Since going out into the street to play music I have learnt so many good but also hard things whilst wanting/needing to busk. When I first started out busking, I also had 30 hour contract at a nursing home as a Health Care Assistant, so there was no real need for me to go, just went when I wanted to. I enjoyed it a lot mainly because of the positive energy I was creating for people passing by. I got and still get, so much support, beautiful words and compliments to how my voice makes people feel and that I should continue doing what I do. That is what has kept me going through the tough times of when I had to leave my job and become basically a full time busker, during the coldest months.
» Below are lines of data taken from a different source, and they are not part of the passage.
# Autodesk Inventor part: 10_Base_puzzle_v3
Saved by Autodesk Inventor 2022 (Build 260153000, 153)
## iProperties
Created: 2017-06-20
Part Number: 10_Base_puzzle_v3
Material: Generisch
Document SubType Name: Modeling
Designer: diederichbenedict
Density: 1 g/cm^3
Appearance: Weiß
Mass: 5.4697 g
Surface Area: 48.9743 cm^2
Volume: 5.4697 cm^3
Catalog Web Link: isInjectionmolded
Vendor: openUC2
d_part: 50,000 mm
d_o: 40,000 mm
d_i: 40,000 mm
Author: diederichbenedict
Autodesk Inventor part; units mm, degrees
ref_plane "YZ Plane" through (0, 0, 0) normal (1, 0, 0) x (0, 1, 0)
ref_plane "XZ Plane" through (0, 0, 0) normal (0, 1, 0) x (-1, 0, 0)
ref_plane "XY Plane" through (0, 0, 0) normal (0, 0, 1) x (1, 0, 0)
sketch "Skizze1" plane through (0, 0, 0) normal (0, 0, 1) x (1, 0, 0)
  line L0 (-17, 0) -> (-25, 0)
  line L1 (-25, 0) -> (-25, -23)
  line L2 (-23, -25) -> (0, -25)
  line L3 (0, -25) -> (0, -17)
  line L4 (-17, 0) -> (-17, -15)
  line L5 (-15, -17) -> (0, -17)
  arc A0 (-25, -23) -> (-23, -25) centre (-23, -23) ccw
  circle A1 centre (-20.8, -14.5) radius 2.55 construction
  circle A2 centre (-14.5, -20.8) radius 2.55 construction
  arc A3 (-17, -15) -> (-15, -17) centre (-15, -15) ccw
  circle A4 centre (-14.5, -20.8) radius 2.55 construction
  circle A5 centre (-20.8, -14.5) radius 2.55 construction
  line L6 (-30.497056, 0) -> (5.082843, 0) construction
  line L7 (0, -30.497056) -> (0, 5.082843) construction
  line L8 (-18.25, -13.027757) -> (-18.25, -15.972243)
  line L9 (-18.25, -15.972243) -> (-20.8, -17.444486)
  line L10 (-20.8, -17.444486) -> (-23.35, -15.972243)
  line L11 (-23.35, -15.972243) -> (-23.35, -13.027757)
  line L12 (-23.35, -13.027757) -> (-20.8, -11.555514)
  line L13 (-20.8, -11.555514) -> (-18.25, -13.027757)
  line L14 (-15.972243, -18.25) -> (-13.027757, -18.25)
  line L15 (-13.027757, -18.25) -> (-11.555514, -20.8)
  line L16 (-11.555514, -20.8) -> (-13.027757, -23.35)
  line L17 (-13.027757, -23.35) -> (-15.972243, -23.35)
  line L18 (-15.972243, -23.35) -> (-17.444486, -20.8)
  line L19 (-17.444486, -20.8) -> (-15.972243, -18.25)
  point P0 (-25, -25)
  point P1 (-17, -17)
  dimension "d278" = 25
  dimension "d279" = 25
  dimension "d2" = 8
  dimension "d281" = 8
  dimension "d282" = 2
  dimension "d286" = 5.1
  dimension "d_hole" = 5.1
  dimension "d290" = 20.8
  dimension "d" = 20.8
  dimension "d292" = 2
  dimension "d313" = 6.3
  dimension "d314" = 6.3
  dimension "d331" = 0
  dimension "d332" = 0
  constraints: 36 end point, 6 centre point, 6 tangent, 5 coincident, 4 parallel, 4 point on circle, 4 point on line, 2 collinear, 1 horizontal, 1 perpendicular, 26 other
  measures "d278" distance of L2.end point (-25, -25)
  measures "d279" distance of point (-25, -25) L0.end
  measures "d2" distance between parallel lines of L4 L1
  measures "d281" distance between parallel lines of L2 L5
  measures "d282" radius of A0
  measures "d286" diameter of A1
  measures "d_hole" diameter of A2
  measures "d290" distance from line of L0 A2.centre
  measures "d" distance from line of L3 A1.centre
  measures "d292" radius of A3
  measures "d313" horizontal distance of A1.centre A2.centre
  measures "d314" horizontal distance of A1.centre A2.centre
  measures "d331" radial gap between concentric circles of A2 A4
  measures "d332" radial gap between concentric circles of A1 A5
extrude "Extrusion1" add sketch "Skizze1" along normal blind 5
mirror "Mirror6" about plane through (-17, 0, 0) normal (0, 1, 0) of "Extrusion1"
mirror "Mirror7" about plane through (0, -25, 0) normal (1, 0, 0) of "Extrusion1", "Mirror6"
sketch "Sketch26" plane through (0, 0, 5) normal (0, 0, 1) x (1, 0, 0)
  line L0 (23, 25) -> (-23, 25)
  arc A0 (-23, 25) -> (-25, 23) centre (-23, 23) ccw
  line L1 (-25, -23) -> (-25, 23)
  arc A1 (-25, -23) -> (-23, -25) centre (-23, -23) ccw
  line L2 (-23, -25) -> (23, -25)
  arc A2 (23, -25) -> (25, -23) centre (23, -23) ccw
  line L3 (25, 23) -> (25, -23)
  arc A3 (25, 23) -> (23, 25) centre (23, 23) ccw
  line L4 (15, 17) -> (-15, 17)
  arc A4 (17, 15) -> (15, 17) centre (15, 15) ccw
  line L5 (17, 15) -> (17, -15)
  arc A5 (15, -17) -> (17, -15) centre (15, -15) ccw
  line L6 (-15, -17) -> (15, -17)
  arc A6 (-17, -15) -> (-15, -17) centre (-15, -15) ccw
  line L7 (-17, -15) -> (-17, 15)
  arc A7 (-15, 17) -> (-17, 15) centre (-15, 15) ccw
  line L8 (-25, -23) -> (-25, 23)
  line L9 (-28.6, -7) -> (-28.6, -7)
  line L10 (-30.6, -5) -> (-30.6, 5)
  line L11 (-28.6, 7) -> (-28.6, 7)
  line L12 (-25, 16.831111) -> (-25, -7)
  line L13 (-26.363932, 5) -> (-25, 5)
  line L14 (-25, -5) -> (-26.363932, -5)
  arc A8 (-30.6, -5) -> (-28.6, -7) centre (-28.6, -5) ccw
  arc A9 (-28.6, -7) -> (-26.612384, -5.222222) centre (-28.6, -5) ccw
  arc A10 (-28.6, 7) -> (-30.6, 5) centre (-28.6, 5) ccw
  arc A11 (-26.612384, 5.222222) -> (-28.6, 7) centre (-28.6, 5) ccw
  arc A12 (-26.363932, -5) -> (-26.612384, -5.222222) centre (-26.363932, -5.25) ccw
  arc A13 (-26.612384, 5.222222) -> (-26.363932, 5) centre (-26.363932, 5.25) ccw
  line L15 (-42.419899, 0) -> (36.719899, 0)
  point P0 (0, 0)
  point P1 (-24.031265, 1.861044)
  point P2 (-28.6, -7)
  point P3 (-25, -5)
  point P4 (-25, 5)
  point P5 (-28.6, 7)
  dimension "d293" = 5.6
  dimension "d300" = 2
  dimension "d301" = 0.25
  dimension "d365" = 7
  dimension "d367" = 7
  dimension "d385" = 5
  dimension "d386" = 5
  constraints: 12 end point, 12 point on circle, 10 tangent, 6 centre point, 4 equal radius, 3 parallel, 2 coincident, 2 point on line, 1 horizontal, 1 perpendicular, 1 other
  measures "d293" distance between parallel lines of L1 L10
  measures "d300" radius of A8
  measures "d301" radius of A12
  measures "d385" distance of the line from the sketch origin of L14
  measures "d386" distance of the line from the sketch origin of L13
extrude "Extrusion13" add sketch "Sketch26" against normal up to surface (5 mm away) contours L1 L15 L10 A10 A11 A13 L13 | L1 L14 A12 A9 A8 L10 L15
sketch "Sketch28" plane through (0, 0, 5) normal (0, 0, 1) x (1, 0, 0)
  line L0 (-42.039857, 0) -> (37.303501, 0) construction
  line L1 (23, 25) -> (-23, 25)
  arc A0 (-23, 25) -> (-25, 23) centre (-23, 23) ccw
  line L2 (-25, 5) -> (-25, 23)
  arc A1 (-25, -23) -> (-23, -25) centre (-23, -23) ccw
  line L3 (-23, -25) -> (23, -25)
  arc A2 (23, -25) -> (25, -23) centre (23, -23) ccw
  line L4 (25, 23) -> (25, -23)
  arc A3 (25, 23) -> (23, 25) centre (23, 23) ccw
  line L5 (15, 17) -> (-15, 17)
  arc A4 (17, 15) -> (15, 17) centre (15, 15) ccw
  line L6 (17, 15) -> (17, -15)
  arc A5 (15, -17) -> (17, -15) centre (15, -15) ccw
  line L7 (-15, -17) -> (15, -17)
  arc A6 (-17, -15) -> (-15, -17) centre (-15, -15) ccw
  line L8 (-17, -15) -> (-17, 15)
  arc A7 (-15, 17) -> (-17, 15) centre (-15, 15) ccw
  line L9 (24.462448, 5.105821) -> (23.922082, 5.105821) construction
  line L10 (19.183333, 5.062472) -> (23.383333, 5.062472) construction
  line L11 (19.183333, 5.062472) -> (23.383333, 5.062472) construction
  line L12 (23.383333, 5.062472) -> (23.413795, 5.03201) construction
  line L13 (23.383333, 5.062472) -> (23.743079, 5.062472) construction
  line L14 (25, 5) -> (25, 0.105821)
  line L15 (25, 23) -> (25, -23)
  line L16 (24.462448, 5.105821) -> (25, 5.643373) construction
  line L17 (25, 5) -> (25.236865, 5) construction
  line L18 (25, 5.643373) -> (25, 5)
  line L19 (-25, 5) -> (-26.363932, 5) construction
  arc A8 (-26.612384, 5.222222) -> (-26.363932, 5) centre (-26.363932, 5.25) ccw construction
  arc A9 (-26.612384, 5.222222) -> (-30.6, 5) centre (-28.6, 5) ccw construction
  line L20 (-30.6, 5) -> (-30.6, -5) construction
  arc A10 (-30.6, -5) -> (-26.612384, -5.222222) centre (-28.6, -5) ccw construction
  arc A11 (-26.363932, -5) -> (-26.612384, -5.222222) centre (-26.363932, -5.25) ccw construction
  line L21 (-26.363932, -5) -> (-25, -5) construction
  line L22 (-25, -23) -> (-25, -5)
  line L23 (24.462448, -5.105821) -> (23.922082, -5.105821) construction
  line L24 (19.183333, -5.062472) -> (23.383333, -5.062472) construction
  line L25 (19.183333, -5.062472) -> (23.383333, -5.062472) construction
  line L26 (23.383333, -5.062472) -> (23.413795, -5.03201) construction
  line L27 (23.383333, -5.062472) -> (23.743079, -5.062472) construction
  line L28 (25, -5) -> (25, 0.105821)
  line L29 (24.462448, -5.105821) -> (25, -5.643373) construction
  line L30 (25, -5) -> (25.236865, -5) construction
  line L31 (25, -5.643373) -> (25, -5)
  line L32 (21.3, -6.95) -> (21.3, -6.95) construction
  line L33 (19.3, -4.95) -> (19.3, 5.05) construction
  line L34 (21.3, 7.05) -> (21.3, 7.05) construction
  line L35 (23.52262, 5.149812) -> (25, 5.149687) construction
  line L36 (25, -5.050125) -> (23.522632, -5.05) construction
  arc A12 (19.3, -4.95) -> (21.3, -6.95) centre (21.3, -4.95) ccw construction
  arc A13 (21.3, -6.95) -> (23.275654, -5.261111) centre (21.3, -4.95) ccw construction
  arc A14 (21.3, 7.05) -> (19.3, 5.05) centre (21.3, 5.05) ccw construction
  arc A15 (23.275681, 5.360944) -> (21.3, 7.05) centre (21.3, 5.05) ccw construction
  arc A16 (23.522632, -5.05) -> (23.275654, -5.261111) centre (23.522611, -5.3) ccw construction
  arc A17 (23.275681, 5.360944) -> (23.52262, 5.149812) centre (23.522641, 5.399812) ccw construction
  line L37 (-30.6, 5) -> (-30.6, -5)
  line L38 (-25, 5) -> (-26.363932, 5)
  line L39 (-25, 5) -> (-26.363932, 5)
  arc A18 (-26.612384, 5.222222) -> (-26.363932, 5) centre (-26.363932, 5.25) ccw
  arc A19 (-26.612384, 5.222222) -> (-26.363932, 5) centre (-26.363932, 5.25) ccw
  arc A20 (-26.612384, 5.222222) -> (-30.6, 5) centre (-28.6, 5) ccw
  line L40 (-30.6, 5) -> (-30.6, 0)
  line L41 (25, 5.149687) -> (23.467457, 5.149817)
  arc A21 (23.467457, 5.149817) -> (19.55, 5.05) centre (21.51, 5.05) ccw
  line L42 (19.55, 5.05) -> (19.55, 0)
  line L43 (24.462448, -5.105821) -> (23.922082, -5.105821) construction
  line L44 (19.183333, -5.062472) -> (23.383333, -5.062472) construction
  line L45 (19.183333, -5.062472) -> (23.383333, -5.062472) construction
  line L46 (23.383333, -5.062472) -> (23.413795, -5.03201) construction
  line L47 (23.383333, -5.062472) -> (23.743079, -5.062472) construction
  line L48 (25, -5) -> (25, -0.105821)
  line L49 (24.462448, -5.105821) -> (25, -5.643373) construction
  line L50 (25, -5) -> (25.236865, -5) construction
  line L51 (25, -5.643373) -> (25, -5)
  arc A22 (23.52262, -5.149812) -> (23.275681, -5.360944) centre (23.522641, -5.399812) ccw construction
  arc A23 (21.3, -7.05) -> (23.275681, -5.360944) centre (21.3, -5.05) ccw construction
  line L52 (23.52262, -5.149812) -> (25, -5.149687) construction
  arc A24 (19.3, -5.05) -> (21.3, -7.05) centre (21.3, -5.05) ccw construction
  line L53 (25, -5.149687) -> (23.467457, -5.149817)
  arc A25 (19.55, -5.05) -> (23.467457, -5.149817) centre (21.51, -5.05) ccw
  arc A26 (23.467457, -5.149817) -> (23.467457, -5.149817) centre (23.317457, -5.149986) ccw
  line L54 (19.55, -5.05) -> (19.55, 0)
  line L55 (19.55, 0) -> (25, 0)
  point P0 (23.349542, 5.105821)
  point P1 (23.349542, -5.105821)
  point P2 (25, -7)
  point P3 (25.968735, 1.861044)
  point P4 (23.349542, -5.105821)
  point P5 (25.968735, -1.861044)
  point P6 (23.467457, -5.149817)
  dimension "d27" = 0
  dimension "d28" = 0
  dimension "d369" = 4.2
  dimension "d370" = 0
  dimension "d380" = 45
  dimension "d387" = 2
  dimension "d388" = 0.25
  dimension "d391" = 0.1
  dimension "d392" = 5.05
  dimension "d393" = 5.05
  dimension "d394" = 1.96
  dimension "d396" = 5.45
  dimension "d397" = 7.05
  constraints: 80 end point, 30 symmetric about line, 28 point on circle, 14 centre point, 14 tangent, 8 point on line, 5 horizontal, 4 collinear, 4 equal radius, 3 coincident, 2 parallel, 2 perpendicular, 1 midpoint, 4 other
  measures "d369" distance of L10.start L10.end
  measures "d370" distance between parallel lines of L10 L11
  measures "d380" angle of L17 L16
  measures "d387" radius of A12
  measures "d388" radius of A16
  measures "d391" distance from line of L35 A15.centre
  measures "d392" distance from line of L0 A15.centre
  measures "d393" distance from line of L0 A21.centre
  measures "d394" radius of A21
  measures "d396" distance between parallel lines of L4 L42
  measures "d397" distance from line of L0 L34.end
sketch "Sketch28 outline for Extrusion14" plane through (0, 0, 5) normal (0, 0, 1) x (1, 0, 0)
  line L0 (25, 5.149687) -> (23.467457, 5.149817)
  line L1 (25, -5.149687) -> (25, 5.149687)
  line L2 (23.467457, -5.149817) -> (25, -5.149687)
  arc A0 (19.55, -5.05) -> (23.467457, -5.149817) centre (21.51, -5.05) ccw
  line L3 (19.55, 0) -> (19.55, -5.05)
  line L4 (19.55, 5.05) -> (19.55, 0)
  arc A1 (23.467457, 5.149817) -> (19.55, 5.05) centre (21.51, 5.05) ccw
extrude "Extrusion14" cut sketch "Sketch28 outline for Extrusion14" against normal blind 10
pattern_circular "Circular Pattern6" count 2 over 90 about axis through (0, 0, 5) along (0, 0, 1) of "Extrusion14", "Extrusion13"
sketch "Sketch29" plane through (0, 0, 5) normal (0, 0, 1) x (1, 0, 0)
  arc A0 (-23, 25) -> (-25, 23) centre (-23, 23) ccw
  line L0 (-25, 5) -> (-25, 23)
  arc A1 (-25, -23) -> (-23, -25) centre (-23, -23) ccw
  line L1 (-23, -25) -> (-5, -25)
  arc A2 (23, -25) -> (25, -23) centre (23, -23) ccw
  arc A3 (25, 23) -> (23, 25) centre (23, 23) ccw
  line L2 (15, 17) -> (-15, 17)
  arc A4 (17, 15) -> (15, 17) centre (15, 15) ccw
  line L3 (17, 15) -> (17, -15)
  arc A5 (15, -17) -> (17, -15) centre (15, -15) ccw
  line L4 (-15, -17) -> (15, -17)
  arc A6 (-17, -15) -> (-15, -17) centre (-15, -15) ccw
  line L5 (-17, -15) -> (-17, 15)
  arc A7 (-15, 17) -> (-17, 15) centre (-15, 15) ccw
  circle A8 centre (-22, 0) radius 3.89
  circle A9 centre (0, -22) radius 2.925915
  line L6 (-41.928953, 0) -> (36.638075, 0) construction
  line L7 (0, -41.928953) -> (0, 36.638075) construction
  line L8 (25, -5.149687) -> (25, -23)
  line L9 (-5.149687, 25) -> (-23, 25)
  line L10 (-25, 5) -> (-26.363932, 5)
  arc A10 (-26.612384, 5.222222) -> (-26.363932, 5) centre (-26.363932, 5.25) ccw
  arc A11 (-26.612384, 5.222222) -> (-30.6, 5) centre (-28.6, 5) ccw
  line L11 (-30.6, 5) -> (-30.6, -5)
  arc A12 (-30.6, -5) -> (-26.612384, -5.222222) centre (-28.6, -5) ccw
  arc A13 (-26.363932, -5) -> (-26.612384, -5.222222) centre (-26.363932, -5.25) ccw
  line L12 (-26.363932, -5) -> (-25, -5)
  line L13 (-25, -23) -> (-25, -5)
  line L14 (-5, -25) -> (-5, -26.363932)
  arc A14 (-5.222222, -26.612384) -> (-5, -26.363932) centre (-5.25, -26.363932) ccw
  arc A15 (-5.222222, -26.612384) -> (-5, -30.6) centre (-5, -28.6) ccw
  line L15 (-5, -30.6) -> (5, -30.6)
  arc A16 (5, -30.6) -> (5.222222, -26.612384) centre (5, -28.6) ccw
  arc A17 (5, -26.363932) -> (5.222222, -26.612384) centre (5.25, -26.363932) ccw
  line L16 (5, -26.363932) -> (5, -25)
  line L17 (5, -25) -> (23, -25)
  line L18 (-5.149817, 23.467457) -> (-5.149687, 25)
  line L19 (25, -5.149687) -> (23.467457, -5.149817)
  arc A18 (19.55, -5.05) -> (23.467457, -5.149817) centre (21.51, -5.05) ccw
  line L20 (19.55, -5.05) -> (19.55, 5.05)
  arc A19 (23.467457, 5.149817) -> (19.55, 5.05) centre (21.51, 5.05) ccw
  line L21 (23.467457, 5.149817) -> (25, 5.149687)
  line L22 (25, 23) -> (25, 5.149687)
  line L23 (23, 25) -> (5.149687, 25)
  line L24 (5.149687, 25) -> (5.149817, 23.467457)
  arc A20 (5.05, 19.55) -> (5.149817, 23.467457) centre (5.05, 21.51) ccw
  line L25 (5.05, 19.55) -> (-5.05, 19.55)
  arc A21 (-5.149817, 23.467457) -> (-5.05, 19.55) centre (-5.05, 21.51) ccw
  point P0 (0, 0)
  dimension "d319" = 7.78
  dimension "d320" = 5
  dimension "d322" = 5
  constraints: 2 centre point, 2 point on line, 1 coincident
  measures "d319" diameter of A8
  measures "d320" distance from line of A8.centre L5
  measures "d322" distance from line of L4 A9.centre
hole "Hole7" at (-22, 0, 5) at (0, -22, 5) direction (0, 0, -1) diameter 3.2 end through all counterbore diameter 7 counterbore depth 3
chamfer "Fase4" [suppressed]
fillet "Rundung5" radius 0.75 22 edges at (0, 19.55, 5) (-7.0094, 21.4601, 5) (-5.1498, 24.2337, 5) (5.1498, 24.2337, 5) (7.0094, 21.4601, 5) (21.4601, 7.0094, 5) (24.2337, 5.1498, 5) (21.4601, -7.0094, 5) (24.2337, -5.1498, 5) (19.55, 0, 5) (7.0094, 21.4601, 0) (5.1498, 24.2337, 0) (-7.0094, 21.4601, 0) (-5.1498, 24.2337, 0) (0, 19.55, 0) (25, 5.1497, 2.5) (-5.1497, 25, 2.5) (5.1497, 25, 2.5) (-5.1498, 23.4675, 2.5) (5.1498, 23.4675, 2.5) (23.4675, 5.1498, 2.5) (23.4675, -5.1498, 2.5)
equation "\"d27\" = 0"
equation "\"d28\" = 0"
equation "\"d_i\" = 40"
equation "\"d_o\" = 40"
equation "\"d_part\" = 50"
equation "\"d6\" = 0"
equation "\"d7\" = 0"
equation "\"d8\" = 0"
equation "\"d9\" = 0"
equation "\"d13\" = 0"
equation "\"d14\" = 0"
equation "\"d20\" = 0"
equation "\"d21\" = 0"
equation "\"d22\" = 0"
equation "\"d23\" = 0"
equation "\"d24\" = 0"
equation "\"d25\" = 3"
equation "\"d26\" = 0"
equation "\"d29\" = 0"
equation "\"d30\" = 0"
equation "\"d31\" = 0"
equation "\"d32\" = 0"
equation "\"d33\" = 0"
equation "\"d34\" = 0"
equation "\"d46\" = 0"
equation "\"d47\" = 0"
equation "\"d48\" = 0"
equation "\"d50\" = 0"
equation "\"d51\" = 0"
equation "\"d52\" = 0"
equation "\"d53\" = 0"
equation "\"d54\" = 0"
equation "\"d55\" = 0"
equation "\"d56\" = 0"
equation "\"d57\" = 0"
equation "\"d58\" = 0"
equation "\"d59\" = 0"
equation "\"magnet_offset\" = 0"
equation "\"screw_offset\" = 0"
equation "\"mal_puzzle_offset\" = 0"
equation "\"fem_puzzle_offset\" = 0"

I now busk on an average of 1-4 times a week, depending on how I feel as I’m still recovering from and still experiencing back problems. Playing music keeps me going though, especially busking and how spontaneously ‘things’ can happen. I almost feel most comfortable playing in the street, as naturally a lot of society block you out so it almost feels like casual playing. On my good days many singular people or small groups sit and enjoy my (sometimes) quite alternative versions of songs that I love to do. Some songs I really enjoy playing but some maybe not so much, and I love the fact that a handful of people passing, feel that from my different performances. My sound and vocal ability is still growing and hopefully I will have made a CD soon that expresses the current feel of the songs I play.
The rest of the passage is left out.